Merge pull request #55 from lamps-wg/bas/mike

Suggestions by Mike on PR #50
lamps-wg · Dec 11, 2024 · 21cb170 · 21cb170
2 parents 21b18a0 + 6c99cca
commit 21cb170
Showing 1 changed file with 10 additions and 7 deletions.
diff --git a/draft-ietf-lamps-dilithium-certificates.md b/draft-ietf-lamps-dilithium-certificates.md
@@ -400,19 +400,22 @@ process can be separated into a pre-hash step and a core signature
 step in order to ease operational requirements around large or
 inconsistently-sized payloads. This can be performed at the
 protocol layer, but not all protocols support it.
-An example in [RFC5280] is the certificate revocation list
+Examples in [RFC5280] are certificate and certificate revocation list
 (CRL) data structures, that do not include message digesting before signing.
-This makes signing large volumes of large CRLs challenging.

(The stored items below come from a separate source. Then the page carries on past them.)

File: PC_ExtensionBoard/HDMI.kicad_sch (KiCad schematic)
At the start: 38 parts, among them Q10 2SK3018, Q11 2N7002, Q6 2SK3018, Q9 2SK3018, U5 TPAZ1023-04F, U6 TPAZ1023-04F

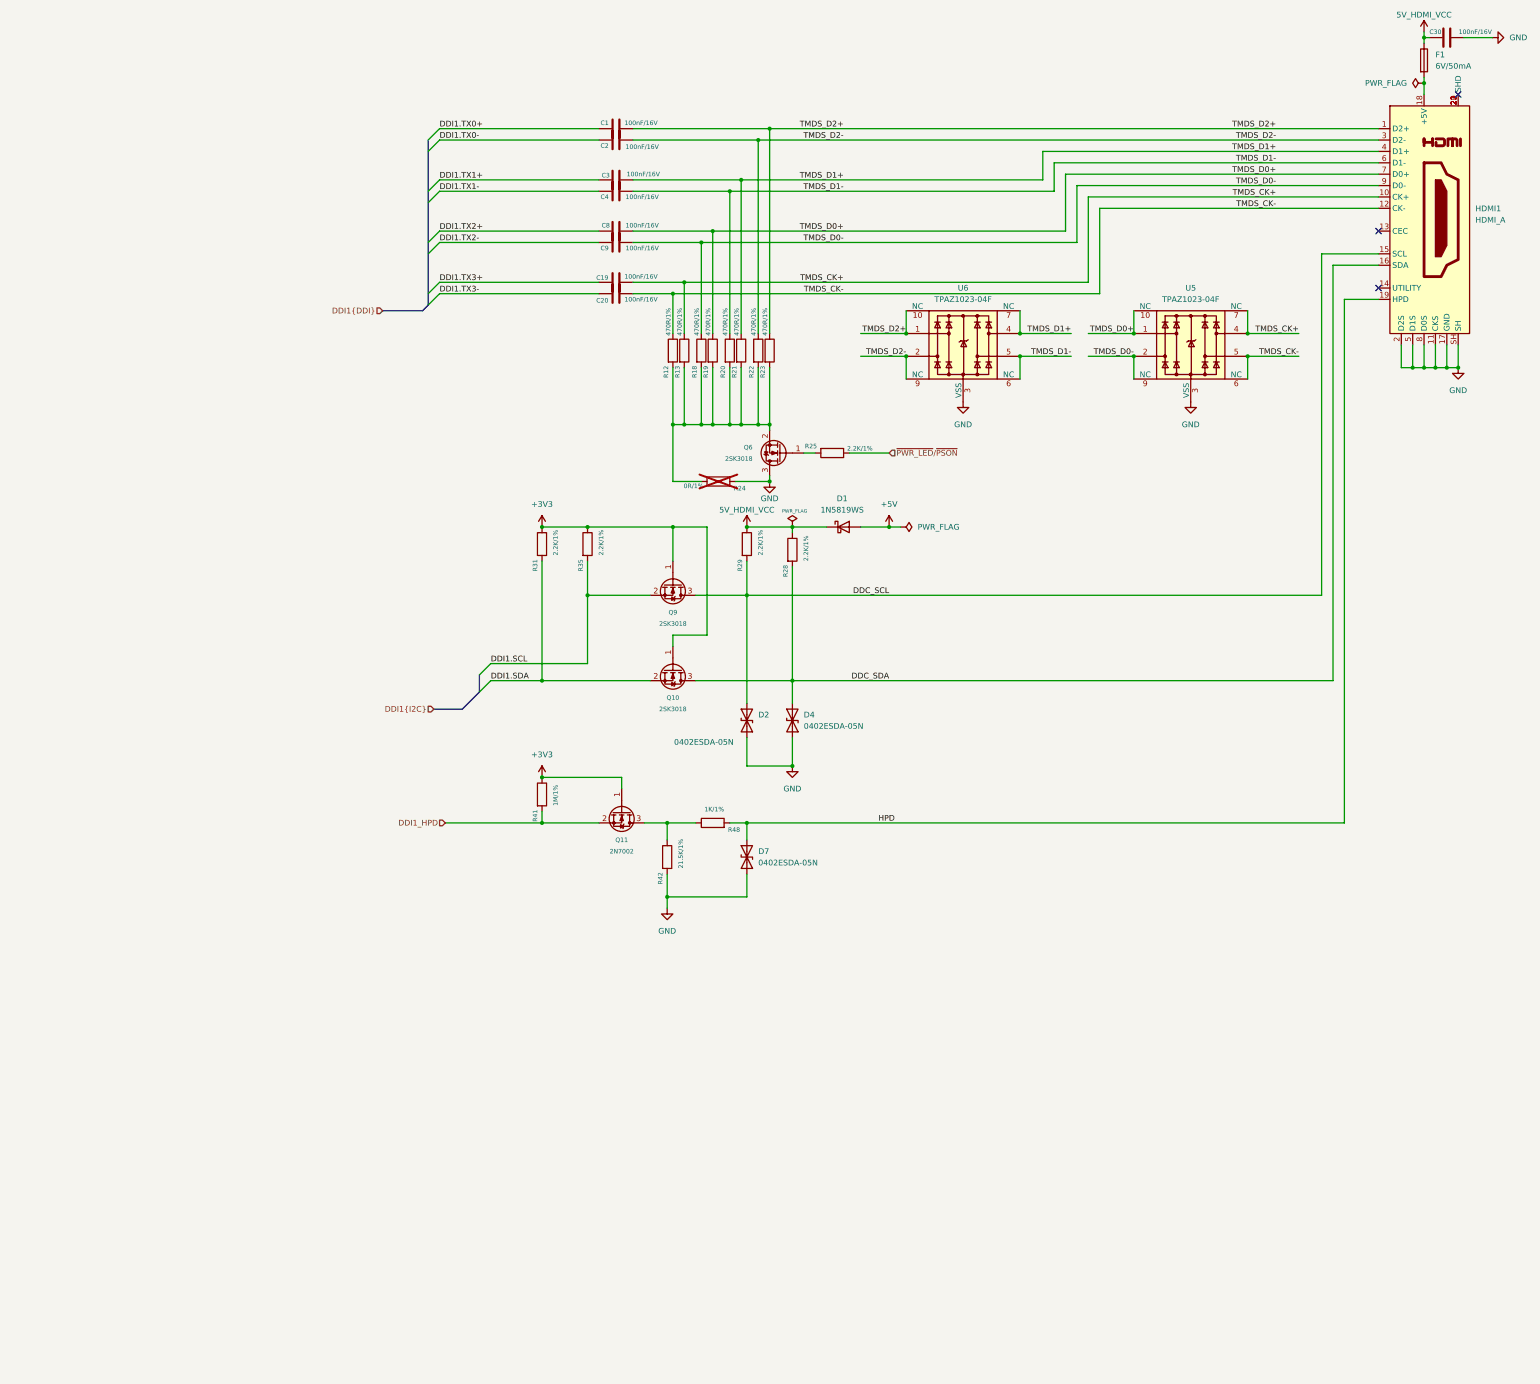
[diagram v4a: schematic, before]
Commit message: update LCSC for HDMI
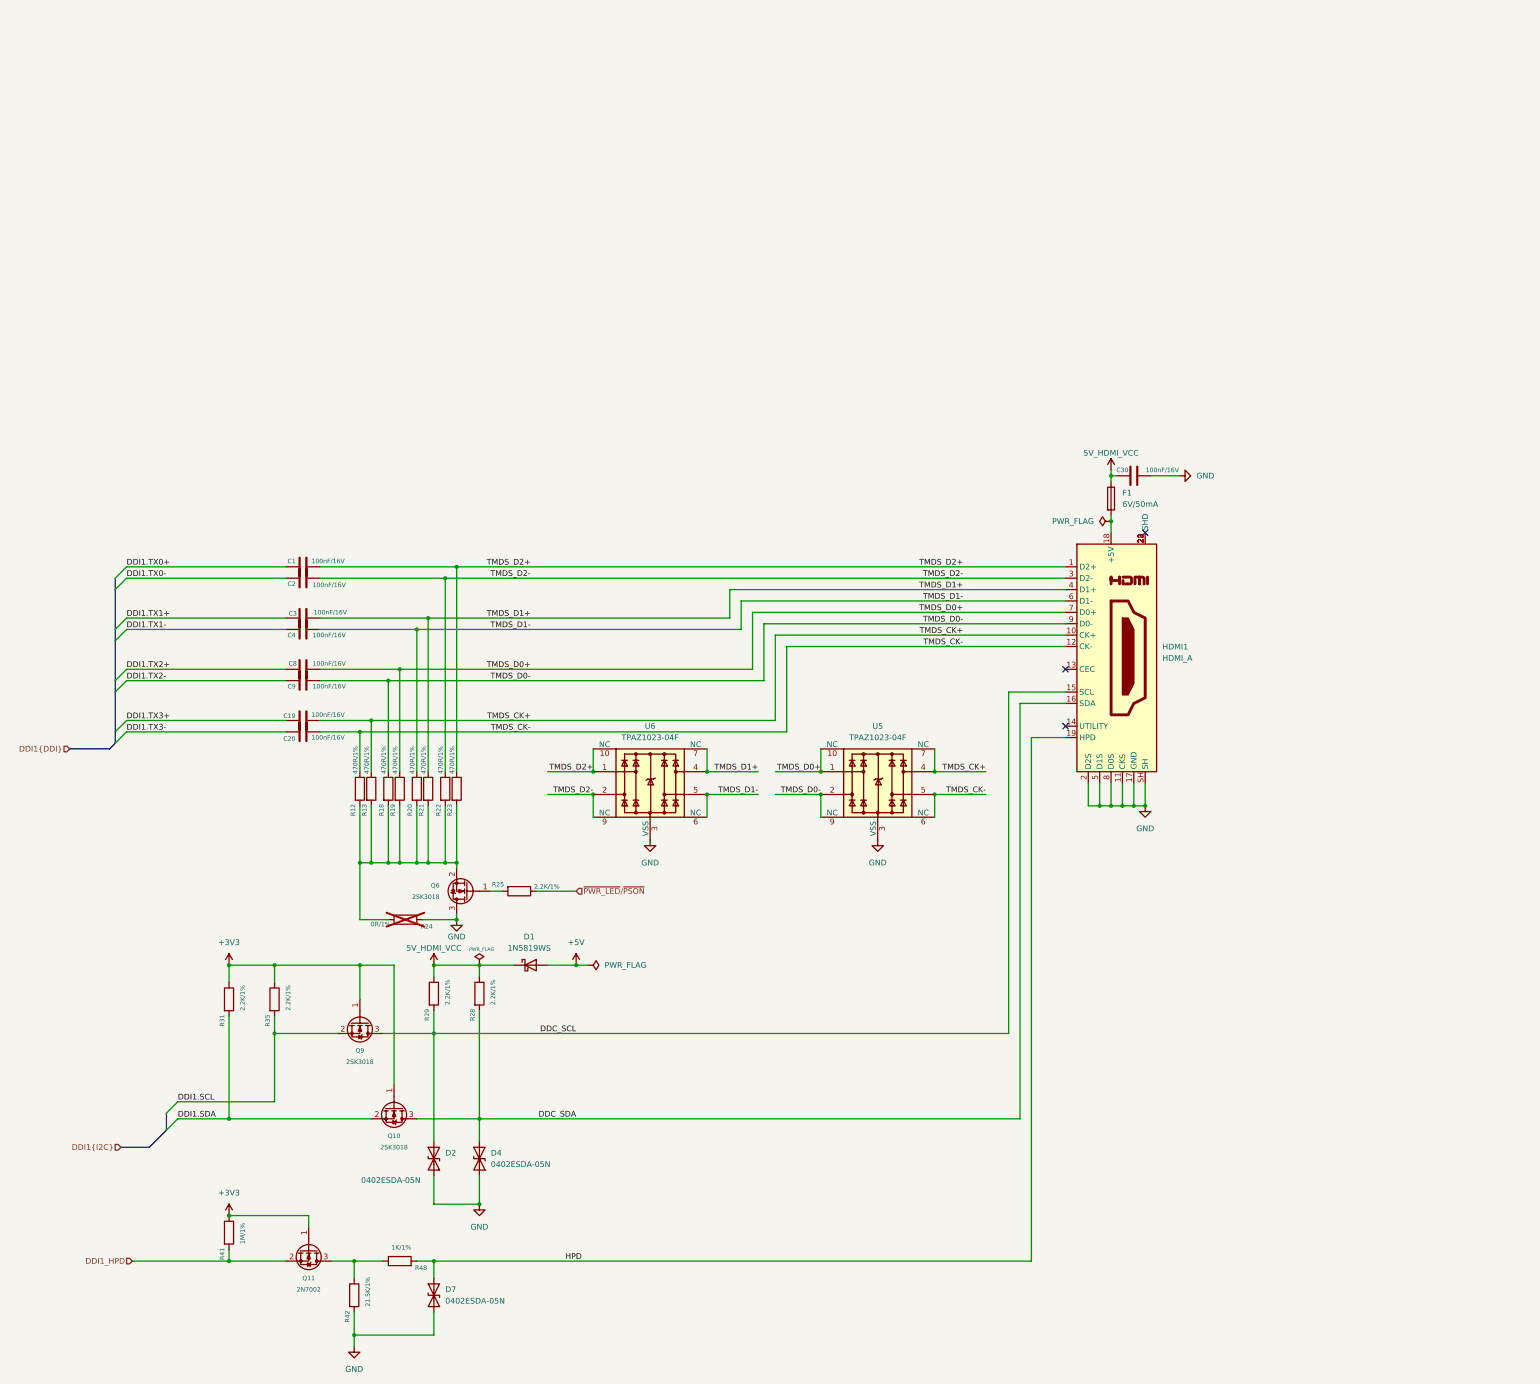
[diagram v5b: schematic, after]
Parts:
- C1, C19, C2, C20, C3, C4, C8, C9: LCSC (none) -> C85960
- C30: footprint A_HDJ_Library:C_0402_1005Metric -> Capacitor_SMD:C_0402_1005Metric; DF_Comment 贴片电容0402-100nF-16V-X7R(0402) -> (none); LCSC (none) -> C85960
- D1: footprint PC_Components_1:SOT-323 -> PC_Components_1:D_SOD-323; LCSC (none) -> C191023
- D2, D4: LCSC (none) -> C316049
- D7: footprint A_HDJ_Library:D_0402_1005Metric -> Diode_SMD:D_0402_1005Metric; LCSC (none) -> C316049
- F1: Buy_Link https://item.szlcsc.com/8530937.html -> (none); DF_Comment 0603贴片自恢复保险丝0.05A-6V_0603L005-6AR -> (none); LCSC (none) -> C7472508; SCH_Show_Footprint R0805 -> (none)
- HDMI1: footprint A_HDJ_Library:HDMI_A_Molex_208658-1001_Horizontal -> PC_Components_1:HDMI-SMD_HDMI-019S
- Q10, Q6, Q9: LCSC (none) -> C727148
- Q11: LCSC (none) -> C8545
- R24, R25, R28, R29, R31, R35: footprint (none) -> PC_Components_1:R_0402_1005Metric; LCSC (none) -> C25879
- R41: footprint (none) -> PC_Components_1:R_0402_1005Metric; LCSC (none) -> C26083
- R42: footprint (none) -> PC_Components_1:R_0402_1005Metric; LCSC (none) -> C25872
- R48: footprint (none) -> PC_Components_1:R_0402_1005Metric; LCSC (none) -> C11702
- U5, U6: LCSC (none) -> C2827676
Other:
- moved on the sheet: C1, C19, C2, C20, C3, C30, C4, C8, C9, D1, D2, D4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

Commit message: update LCSC
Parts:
- added J1: Conn_01x26_MountingPin, PC_Components_1:FPC-SMD_24P-P0.50_FPC-05F-24PH20, symbol Connector_Generic_MountingPin:Conn_01x26_MountingPin
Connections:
- net 5V_HDMI_VCC: now also J1.23 (Pin_23), J1.24 (Pin_24)
- net GND: now also J1.1 (Pin_1), J1.10 (Pin_10), J1.13 (Pin_13), J1.14 (Pin_14), J1.16 (Pin_16), J1.18 (Pin_18), J1.20 (Pin_20), J1.22 (Pin_22), J1.25 (Pin_25), J1.26 (Pin_26), J1.4 (Pin_4), J1.7 (Pin_7)
- new net DDI2.SCL: J1.17 (Pin_17)
- new net DDI2.SDA: J1.19 (Pin_19)
- new net DDI2.TX0+: J1.8 (Pin_8)
- new net DDI2.TX0-: J1.9 (Pin_9)
- new net DDI2.TX1+: J1.5 (Pin_5)
- new net DDI2.TX1-: J1.6 (Pin_6)
- new net DDI2.TX2+: J1.2 (Pin_2)
- new net DDI2.TX2-: J1.3 (Pin_3)
- new net DDI2.TX3+: J1.11 (Pin_11)
- new net DDI2.TX3-: J1.12 (Pin_12)
- new net DDI2_HPD: J1.21 (Pin_21)
- no-connect marks 3 -> 4
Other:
- note added: "HDMI-1"
- note added: "HDMI2-Socket"
- moved on the sheet: C1, C19, C2, C20, C3, C30, C4, C8, C9, D1, D2, D4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

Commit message: schematic changes
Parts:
- added C115, C116: C_100n_0402, PC_Components_1:C_0402_1005Metric, symbol A_PC_ExtensionBoard:C_100n_0402
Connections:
- net +5V: now also C115.2, C116.2
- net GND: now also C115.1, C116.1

+This can make signing large CRLs or a high volume of certificates
+with large public keys challenging.
 
 As mentioned in the introduction, pure ML-DSA signing itself
 supports a prehashing flow by splitting the operation over two
 modules. In this section we make this "ExternalMu-ML-DSA"
 more explicit.
 
 There are two steps. First an `ExternalMu-ML-DSA.Prehash()`
-followed by `ExternalMu-ML-DSA.Sign()`. Together these operate
-as `ML-DSA.Sign()` from [FIPS204] and thus create exactly the same
-signatures as regular pure ML-DSA.
+followed by `ExternalMu-ML-DSA.Sign()`. Together these are functionally
+equivalent to `ML-DSA.Sign()` from [FIPS204] in that they create
+exactly the same signatures as regular pure ML-DSA, which can be
+verified by the unmodified `ML-DSA.Verify()`.
+
 An ML-DSA key and certificate MAY be used with either ML-DSA
 or ExternalMu-ML-DSA interchangeably.
 Note that ExternalMu-ML-DSA describes a different signature API from ML-DSA
@@ -421,8 +424,8 @@ software cryptographic modules.
 
 Note that the signing mode defined here is different from HashML-DSA
 defined in [FIPS204] section 5.4. This specification uses exclusively
-ExternalMu-ML-DSA for pre-hashed use cases, and thus HashML-DSA as
-defined in [FIPS204] and identified by `id-hash-ml-dsa-44-with-sha512`,
+ExternalMu-ML-DSA for pre-hashed use cases, and thus public
+keys identified by `id-hash-ml-dsa-44-with-sha512`,
 `id-hash-ml-dsa-65-with-sha512`, and `id-hash-ml-dsa-87-with-sha512`
 MUST NOT be used in X.509 and related PKIX protocols.